As is often the case, blame the parents for just how oddball he is. The son of a Gene Vincent-obsessed Sheffield steel worker, Hawley grew up close to rock and roll - his mum once sang with the Everley Brothers on the back steps of Sheffield City hall, and he later learned guitar via his father. Indeed, his dad Dave once played with Eddie Cochran, and recounts a tale of the doomed rocker standing in a shower at 3am holding an umbrella, "so water wouldn't go in his whiskey". Perhaps this upbringing is why it's so hard to find a comparative voice in the here and now. "There's a lot of factors involved in music today that aren't music," he muses. "But once all the crap is gone, the good stuff's still there. If the core of what you're about is tangible and worth it, and it goes down to your fucking boots, you've got to stick with it because it will stick with you. If the world was just like a fucking Coca Cola advert all the time, all the individual expressions would be denied. So it's good I'm in the position I'm in now. 'Cos I'm not going to be denied anymore."

Now we leave him to play a series of high-profile shows with R.E.M., and to spend his rare free hours searching eBay for the few Santo and Johnny albums he has yet to track down.

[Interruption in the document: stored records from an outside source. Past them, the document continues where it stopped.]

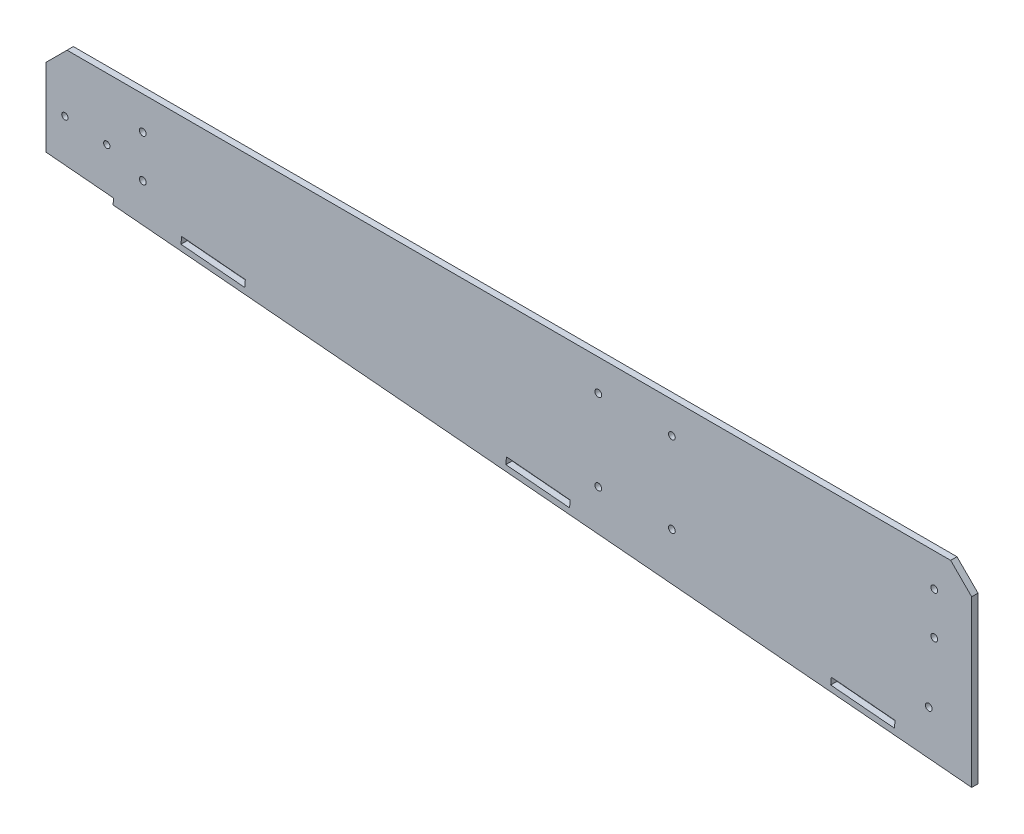
ISO-10303-21;
HEADER;
FILE_DESCRIPTION(('STEP AP214'),'2;1');
FILE_NAME('part.step','',(''),(''),'','','');
FILE_SCHEMA(('AUTOMOTIVE_DESIGN { 1 0 10303 214 1 1 1 1 }'));
ENDSEC;
DATA;
#1=APPLICATION_CONTEXT('core data for automotive mechanical design processes');
#2=APPLICATION_PROTOCOL_DEFINITION('international standard','automotive_design',2000,#1);
#3=PRODUCT_CONTEXT('',#1,'mechanical');
#4=PRODUCT('Part','Part','',(#3));
#5=PRODUCT_RELATED_PRODUCT_CATEGORY('part','',(#4));
#6=PRODUCT_DEFINITION_FORMATION('','',#4);
#7=PRODUCT_DEFINITION_CONTEXT('part definition',#1,'design');
#8=PRODUCT_DEFINITION('design','',#6,#7);
#9=PRODUCT_DEFINITION_SHAPE('','',#8);
#10=(LENGTH_UNIT() NAMED_UNIT(*) SI_UNIT(.MILLI.,.METRE.));
#11=(NAMED_UNIT(*) PLANE_ANGLE_UNIT() SI_UNIT($,.RADIAN.));
#12=(NAMED_UNIT(*) SI_UNIT($,.STERADIAN.) SOLID_ANGLE_UNIT());
#13=UNCERTAINTY_MEASURE_WITH_UNIT(LENGTH_MEASURE(1.E-05),#10,'distance_accuracy_value','');
#14=(GEOMETRIC_REPRESENTATION_CONTEXT(3) GLOBAL_UNCERTAINTY_ASSIGNED_CONTEXT((#13)) GLOBAL_UNIT_ASSIGNED_CONTEXT((#10,
#11,#12)) REPRESENTATION_CONTEXT('',''));
#15=CARTESIAN_POINT('',(0.,0.,0.));
#16=DIRECTION('',(0.,0.,1.));
#17=DIRECTION('',(1.,0.,0.));
#18=AXIS2_PLACEMENT_3D('',#15,#16,#17);
#19=CARTESIAN_POINT('',(-31.7701039956176,21.7677030305743,3.));
#20=DIRECTION('',(1.,0.,0.));
#21=DIRECTION('',(0.,0.,-1.));
#22=AXIS2_PLACEMENT_3D('',#19,#20,#21);
#23=PLANE('',#22);
#24=DIRECTION('',(0.,-1.,0.));
#25=VECTOR('',#24,1.);
#26=CARTESIAN_POINT('',(-31.7701039956176,21.7677030305743,3.));
#27=LINE('',#26,#25);
#28=CARTESIAN_POINT('',(-31.7701039956176,61.7677030305743,3.));
#29=VERTEX_POINT('',#28);
#30=CARTESIAN_POINT('',(-31.7701039956176,24.7791625432043,3.));
#31=VERTEX_POINT('',#30);
#32=EDGE_CURVE('E264',#29,#31,#27,.T.);
#33=ORIENTED_EDGE('',*,*,#32,.F.);
#34=DIRECTION('',(0.,0.,-1.));
#35=VECTOR('',#34,1.);
#36=CARTESIAN_POINT('',(-31.7701039956176,61.7677030305743,3.));
#37=LINE('',#36,#35);
#38=CARTESIAN_POINT('',(-31.7701039956176,61.7677030305743,0.));
#39=VERTEX_POINT('',#38);
#40=EDGE_CURVE('E312',#29,#39,#37,.T.);
#41=ORIENTED_EDGE('',*,*,#40,.T.);
#42=DIRECTION('',(0.,-1.,0.));
#43=VECTOR('',#42,1.);
#44=CARTESIAN_POINT('',(-31.7701039956176,21.7677030305743,0.));
#45=LINE('',#44,#43);
#46=CARTESIAN_POINT('',(-31.7701039956176,24.7791625432043,0.));
#47=VERTEX_POINT('',#46);
#48=EDGE_CURVE('E260',#39,#47,#45,.T.);
#49=ORIENTED_EDGE('',*,*,#48,.T.);
#50=DIRECTION('',(0.,0.,1.));
#51=VECTOR('',#50,1.);
#52=CARTESIAN_POINT('',(-31.7701039956176,24.7791625432043,-7.));
#53=LINE('',#52,#51);
#54=EDGE_CURVE('E257',#47,#31,#53,.T.);
#55=ORIENTED_EDGE('',*,*,#54,.T.);
#56=EDGE_LOOP('',(#33,#41,#49,#55));
#57=FACE_BOUND('',#56,.T.);
#58=ADVANCED_FACE('F35',(#57),#23,.F.);
#59=CARTESIAN_POINT('',(408.229896004382,-16.7273089208337,3.));
#60=DIRECTION('',(0.0871557427476615,0.996194698091745,0.));
#61=DIRECTION('',(-0.996194698091745,0.0871557427476615,0.));
#62=AXIS2_PLACEMENT_3D('',#59,#60,#61);
#63=PLANE('',#62);
#64=DIRECTION('',(0.996194698091745,-0.0871557427476615,0.));
#65=VECTOR('',#64,1.);
#66=CARTESIAN_POINT('',(408.229896004382,-16.7273089208337,3.));
#67=LINE('',#66,#65);
#68=CARTESIAN_POINT('',(0.108126343318207,18.9787192626491,3.));
#69=VERTEX_POINT('',#68);
#70=CARTESIAN_POINT('',(408.229896004382,-16.7273089208337,3.));
#71=VERTEX_POINT('',#70);
#72=EDGE_CURVE('E266',#69,#71,#67,.T.);
#73=ORIENTED_EDGE('',*,*,#72,.F.);
#74=DIRECTION('',(0.,0.,1.));
#75=VECTOR('',#74,1.);
#76=CARTESIAN_POINT('',(0.108126343318207,18.9787192626491,-7.));
#77=LINE('',#76,#75);
#78=CARTESIAN_POINT('',(0.108126343318207,18.9787192626491,0.));
#79=VERTEX_POINT('',#78);
#80=EDGE_CURVE('E256',#79,#69,#77,.T.);
#81=ORIENTED_EDGE('',*,*,#80,.F.);
#82=DIRECTION('',(0.996194698091745,-0.0871557427476615,0.));
#83=VECTOR('',#82,1.);
#84=CARTESIAN_POINT('',(408.229896004382,-16.7273089208337,0.));
#85=LINE('',#84,#83);
#86=CARTESIAN_POINT('',(408.229896004382,-16.7273089208337,0.));
#87=VERTEX_POINT('',#86);
#88=EDGE_CURVE('E275',#79,#87,#85,.T.);
#89=ORIENTED_EDGE('',*,*,#88,.T.);
#90=DIRECTION('',(0.,0.,-1.));
#91=VECTOR('',#90,1.);
#92=CARTESIAN_POINT('',(408.229896004382,-16.7273089208337,3.));
#93=LINE('',#92,#91);
#94=EDGE_CURVE('E273',#71,#87,#93,.T.);
#95=ORIENTED_EDGE('',*,*,#94,.F.);
#96=EDGE_LOOP('',(#73,#81,#89,#95));
#97=FACE_BOUND('',#96,.T.);
#98=ADVANCED_FACE('F348',(#97),#63,.F.);
#99=CARTESIAN_POINT('',(408.229896004382,71.7677030305743,3.));
#100=DIRECTION('',(-1.,0.,0.));
#101=DIRECTION('',(0.,0.,1.));
#102=AXIS2_PLACEMENT_3D('',#99,#100,#101);
#103=PLANE('',#102);
#104=DIRECTION('',(0.,1.,0.));
#105=VECTOR('',#104,1.);
#106=CARTESIAN_POINT('',(408.229896004382,71.7677030305743,0.));
#107=LINE('',#106,#105);
#108=CARTESIAN_POINT('',(408.229896004382,61.7677030305742,0.));
#109=VERTEX_POINT('',#108);
#110=EDGE_CURVE('E277',#87,#109,#107,.T.);
#111=ORIENTED_EDGE('',*,*,#110,.T.);
#112=DIRECTION('',(0.,0.,1.));
#113=VECTOR('',#112,1.);
#114=CARTESIAN_POINT('',(408.229896004382,61.7677030305742,3.));
#115=LINE('',#114,#113);
#116=CARTESIAN_POINT('',(408.229896004382,61.7677030305742,3.));
#117=VERTEX_POINT('',#116);
#118=EDGE_CURVE('E11',#109,#117,#115,.T.);
#119=ORIENTED_EDGE('',*,*,#118,.T.);
#120=DIRECTION('',(0.,1.,0.));
#121=VECTOR('',#120,1.);
#122=CARTESIAN_POINT('',(408.229896004382,71.7677030305743,3.));
#123=LINE('',#122,#121);
#124=EDGE_CURVE('E269',#71,#117,#123,.T.);
#125=ORIENTED_EDGE('',*,*,#124,.F.);
#126=ORIENTED_EDGE('',*,*,#94,.T.);
#127=EDGE_LOOP('',(#111,#119,#125,#126));
#128=FACE_BOUND('',#127,.T.);
#129=ADVANCED_FACE('F344',(#128),#103,.F.);
#130=CARTESIAN_POINT('',(-31.7701039956176,71.7677030305743,3.));
#131=DIRECTION('',(0.,-1.,0.));
#132=DIRECTION('',(0.,0.,-1.));
#133=AXIS2_PLACEMENT_3D('',#130,#131,#132);
#134=PLANE('',#133);
#135=DIRECTION('',(-1.,0.,0.));
#136=VECTOR('',#135,1.);
#137=CARTESIAN_POINT('',(-31.7701039956176,71.7677030305743,0.));
#138=LINE('',#137,#136);
#139=CARTESIAN_POINT('',(398.229896004382,71.7677030305743,0.));
#140=VERTEX_POINT('',#139);
#141=CARTESIAN_POINT('',(-21.7701039956176,71.7677030305743,0.));
#142=VERTEX_POINT('',#141);
#143=EDGE_CURVE('E267',#140,#142,#138,.T.);
#144=ORIENTED_EDGE('',*,*,#143,.T.);
#145=DIRECTION('',(0.,0.,1.));
#146=VECTOR('',#145,1.);
#147=CARTESIAN_POINT('',(-21.7701039956176,71.7677030305743,3.));
#148=LINE('',#147,#146);
#149=CARTESIAN_POINT('',(-21.7701039956176,71.7677030305743,3.));
#150=VERTEX_POINT('',#149);
#151=EDGE_CURVE('E56',#142,#150,#148,.T.);
#152=ORIENTED_EDGE('',*,*,#151,.T.);
#153=DIRECTION('',(-1.,0.,0.));
#154=VECTOR('',#153,1.);
#155=CARTESIAN_POINT('',(-31.7701039956176,71.7677030305743,3.));
#156=LINE('',#155,#154);
#157=CARTESIAN_POINT('',(398.229896004382,71.7677030305743,3.));
#158=VERTEX_POINT('',#157);
#159=EDGE_CURVE('E271',#158,#150,#156,.T.);
#160=ORIENTED_EDGE('',*,*,#159,.F.);
#161=DIRECTION('',(0.,0.,-1.));
#162=VECTOR('',#161,1.);
#163=CARTESIAN_POINT('',(398.229896004382,71.7677030305743,3.));
#164=LINE('',#163,#162);
#165=EDGE_CURVE('E319',#158,#140,#164,.T.);
#166=ORIENTED_EDGE('',*,*,#165,.T.);
#167=EDGE_LOOP('',(#144,#152,#160,#166));
#168=FACE_BOUND('',#167,.T.);
#169=ADVANCED_FACE('F338',(#168),#134,.F.);
#170=CARTESIAN_POINT('',(0.,0.,3.));
#171=DIRECTION('',(0.,0.,-1.));
#172=DIRECTION('',(-1.,0.,0.));
#173=AXIS2_PLACEMENT_3D('',#170,#171,#172);
#174=PLANE('',#173);
#175=CARTESIAN_POINT('',(390.440589080788,56.0238654816803,3.));
#176=DIRECTION('',(0.,0.,-1.));
#177=DIRECTION('',(-1.,0.,0.));
#178=AXIS2_PLACEMENT_3D('',#175,#176,#177);
#179=CIRCLE('',#178,1.60000000000002);
#180=CARTESIAN_POINT('',(388.840589080788,56.0238654816803,3.));
#181=VERTEX_POINT('',#180);
#182=EDGE_CURVE('E619',#181,#181,#179,.T.);
#183=ORIENTED_EDGE('',*,*,#182,.T.);
#184=EDGE_LOOP('',(#183));
#185=FACE_BOUND('',#184,.T.);
#186=CARTESIAN_POINT('',(14.2298960043213,36.0238654816881,3.));
#187=DIRECTION('',(0.,0.,-1.));
#188=DIRECTION('',(-1.,0.,0.));
#189=AXIS2_PLACEMENT_3D('',#186,#187,#188);
#190=CIRCLE('',#189,1.60000000000004);
#191=CARTESIAN_POINT('',(12.6298960043213,36.0238654816881,3.));
#192=VERTEX_POINT('',#191);
#193=EDGE_CURVE('E623',#192,#192,#190,.T.);
#194=ORIENTED_EDGE('',*,*,#193,.T.);
#195=EDGE_LOOP('',(#194));
#196=FACE_BOUND('',#195,.T.);
#197=CARTESIAN_POINT('',(14.2298960043213,56.0238654816881,3.));
#198=DIRECTION('',(0.,0.,-1.));
#199=DIRECTION('',(-1.,0.,0.));
#200=AXIS2_PLACEMENT_3D('',#197,#198,#199);
#201=CIRCLE('',#200,1.60000000000004);
#202=CARTESIAN_POINT('',(12.6298960043213,56.0238654816881,3.));
#203=VERTEX_POINT('',#202);
#204=EDGE_CURVE('E626',#203,#203,#201,.T.);
#205=ORIENTED_EDGE('',*,*,#204,.T.);
#206=EDGE_LOOP('',(#205));
#207=FACE_BOUND('',#206,.T.);
#208=CARTESIAN_POINT('',(390.440589080788,36.0238654816803,3.));
#209=DIRECTION('',(0.,0.,-1.));
#210=DIRECTION('',(-1.,0.,0.));
#211=AXIS2_PLACEMENT_3D('',#208,#209,#210);
#212=CIRCLE('',#211,1.60000000000002);
#213=CARTESIAN_POINT('',(388.840589080788,36.0238654816803,3.));
#214=VERTEX_POINT('',#213);
#215=EDGE_CURVE('E563',#214,#214,#212,.T.);
#216=ORIENTED_EDGE('',*,*,#215,.T.);
#217=EDGE_LOOP('',(#216));
#218=FACE_BOUND('',#217,.T.);
#219=CARTESIAN_POINT('',(387.825916798358,6.13802453892796,3.));
#220=DIRECTION('',(0.,0.,-1.));
#221=DIRECTION('',(-1.,0.,0.));
#222=AXIS2_PLACEMENT_3D('',#219,#220,#221);
#223=CIRCLE('',#222,1.60000000000002);
#224=CARTESIAN_POINT('',(386.225916798358,6.13802453892796,3.));
#225=VERTEX_POINT('',#224);
#226=EDGE_CURVE('E612',#225,#225,#223,.T.);
#227=ORIENTED_EDGE('',*,*,#226,.T.);
#228=EDGE_LOOP('',(#227));
#229=FACE_BOUND('',#228,.T.);
#230=CARTESIAN_POINT('',(265.729896004382,18.2779728998452,3.));
#231=DIRECTION('',(0.,0.,-1.));
#232=DIRECTION('',(-1.,0.,0.));
#233=AXIS2_PLACEMENT_3D('',#230,#231,#232);
#234=CIRCLE('',#233,1.60000000000002);
#235=CARTESIAN_POINT('',(264.129896004382,18.2779728998452,3.));
#236=VERTEX_POINT('',#235);
#237=EDGE_CURVE('E557',#236,#236,#234,.T.);
#238=ORIENTED_EDGE('',*,*,#237,.T.);
#239=EDGE_LOOP('',(#238));
#240=FACE_BOUND('',#239,.T.);
#241=CARTESIAN_POINT('',(230.729896004382,18.2779728998452,3.));
#242=DIRECTION('',(0.,0.,-1.));
#243=DIRECTION('',(-1.,0.,0.));
#244=AXIS2_PLACEMENT_3D('',#241,#242,#243);
#245=CIRCLE('',#244,1.59999999999973);
#246=CARTESIAN_POINT('',(229.129896004383,18.2779728998452,3.));
#247=VERTEX_POINT('',#246);
#248=EDGE_CURVE('E546',#247,#247,#245,.T.);
#249=ORIENTED_EDGE('',*,*,#248,.T.);
#250=EDGE_LOOP('',(#249));
#251=FACE_BOUND('',#250,.T.);
#252=CARTESIAN_POINT('',(230.729896004382,56.7835263993104,3.));
#253=DIRECTION('',(0.,0.,-1.));
#254=DIRECTION('',(-1.,0.,0.));
#255=AXIS2_PLACEMENT_3D('',#252,#253,#254);
#256=CIRCLE('',#255,1.59999999999999);
#257=CARTESIAN_POINT('',(229.129896004382,56.7835263993104,3.));
#258=VERTEX_POINT('',#257);
#259=EDGE_CURVE('E541',#258,#258,#256,.T.);
#260=ORIENTED_EDGE('',*,*,#259,.T.);
#261=EDGE_LOOP('',(#260));
#262=FACE_BOUND('',#261,.T.);
#263=CARTESIAN_POINT('',(-2.86826506399695,42.3269760325064,3.));
#264=DIRECTION('',(0.,0.,-1.));
#265=DIRECTION('',(-1.,0.,0.));
#266=AXIS2_PLACEMENT_3D('',#263,#264,#265);
#267=CIRCLE('',#266,1.49999999994489);
#268=CARTESIAN_POINT('',(-4.36826506394184,42.3269760325064,3.));
#269=VERTEX_POINT('',#268);
#270=EDGE_CURVE('E593',#269,#269,#267,.T.);
#271=ORIENTED_EDGE('',*,*,#270,.T.);
#272=EDGE_LOOP('',(#271));
#273=FACE_BOUND('',#272,.T.);
#274=CARTESIAN_POINT('',(-22.7921590258319,44.0700908874597,3.));
#275=DIRECTION('',(0.,0.,-1.));
#276=DIRECTION('',(-1.,0.,0.));
#277=AXIS2_PLACEMENT_3D('',#274,#275,#276);
#278=CIRCLE('',#277,1.49999999994489);
#279=CARTESIAN_POINT('',(-24.2921590257767,44.0700908874597,3.));
#280=VERTEX_POINT('',#279);
#281=EDGE_CURVE('E568',#280,#280,#278,.T.);
#282=ORIENTED_EDGE('',*,*,#281,.T.);
#283=EDGE_LOOP('',(#282));
#284=FACE_BOUND('',#283,.T.);
#285=CARTESIAN_POINT('',(265.729896004382,56.7835263993079,3.));
#286=DIRECTION('',(0.,0.,-1.));
#287=DIRECTION('',(-1.,0.,0.));
#288=AXIS2_PLACEMENT_3D('',#285,#286,#287);
#289=CIRCLE('',#288,1.60000000000002);
#290=CARTESIAN_POINT('',(264.129896004382,56.7835263993079,3.));
#291=VERTEX_POINT('',#290);
#292=EDGE_CURVE('E234',#291,#291,#289,.T.);
#293=ORIENTED_EDGE('',*,*,#292,.T.);
#294=EDGE_LOOP('',(#293));
#295=FACE_BOUND('',#294,.T.);
#296=DIRECTION('',(-0.0871557427476403,-0.996194698091747,0.));
#297=VECTOR('',#296,1.);
#298=CARTESIAN_POINT('',(341.508011452001,-4.66621742064363,3.));
#299=LINE('',#298,#297);
#300=CARTESIAN_POINT('',(341.508011452001,-4.66621742064363,3.));
#301=VERTEX_POINT('',#300);
#302=CARTESIAN_POINT('',(341.211681926659,-8.05327939415556,3.));
#303=VERTEX_POINT('',#302);
#304=EDGE_CURVE('E190',#301,#303,#299,.T.);
#305=ORIENTED_EDGE('',*,*,#304,.F.);
#306=DIRECTION('',(-0.996194698091747,0.0871557427476466,0.));
#307=VECTOR('',#306,1.);
#308=CARTESIAN_POINT('',(371.792330273991,-7.31575200017209,3.));
#309=LINE('',#308,#307);
#310=CARTESIAN_POINT('',(371.792330273991,-7.31575200017209,3.));
#311=VERTEX_POINT('',#310);
#312=EDGE_CURVE('E195',#311,#301,#309,.T.);
#313=ORIENTED_EDGE('',*,*,#312,.F.);
#314=DIRECTION('',(0.0871557427476403,0.996194698091747,0.));
#315=VECTOR('',#314,1.);
#316=CARTESIAN_POINT('',(371.792330273991,-7.31575200017209,3.));
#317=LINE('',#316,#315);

There's just one last thing to clear up: What is Cole's Corner?" It's where Cole Brothers, an old department store in Sheffield, used to stand," says Hawley. "There's a blue plaque there now. It was a convenient place near a lot of tram and bus stops, and for well over 100 years Sheffield's couples, lovers, friends, mums and dads or whatever, would meet. I've always found it quite a romantic notion - how many kids in Sheffield are knocking about as a result of a meeting at Cole's Corner?' 'I'll meet you at Cole's Corner...' People still say it, even though it hasn't existed for years. It only exists, really, in the ether." Cole's Corner was demolished in 1969. In Richard Hawley's dreams it's still there. You can visit, if you want. Just close your eyes, and listen.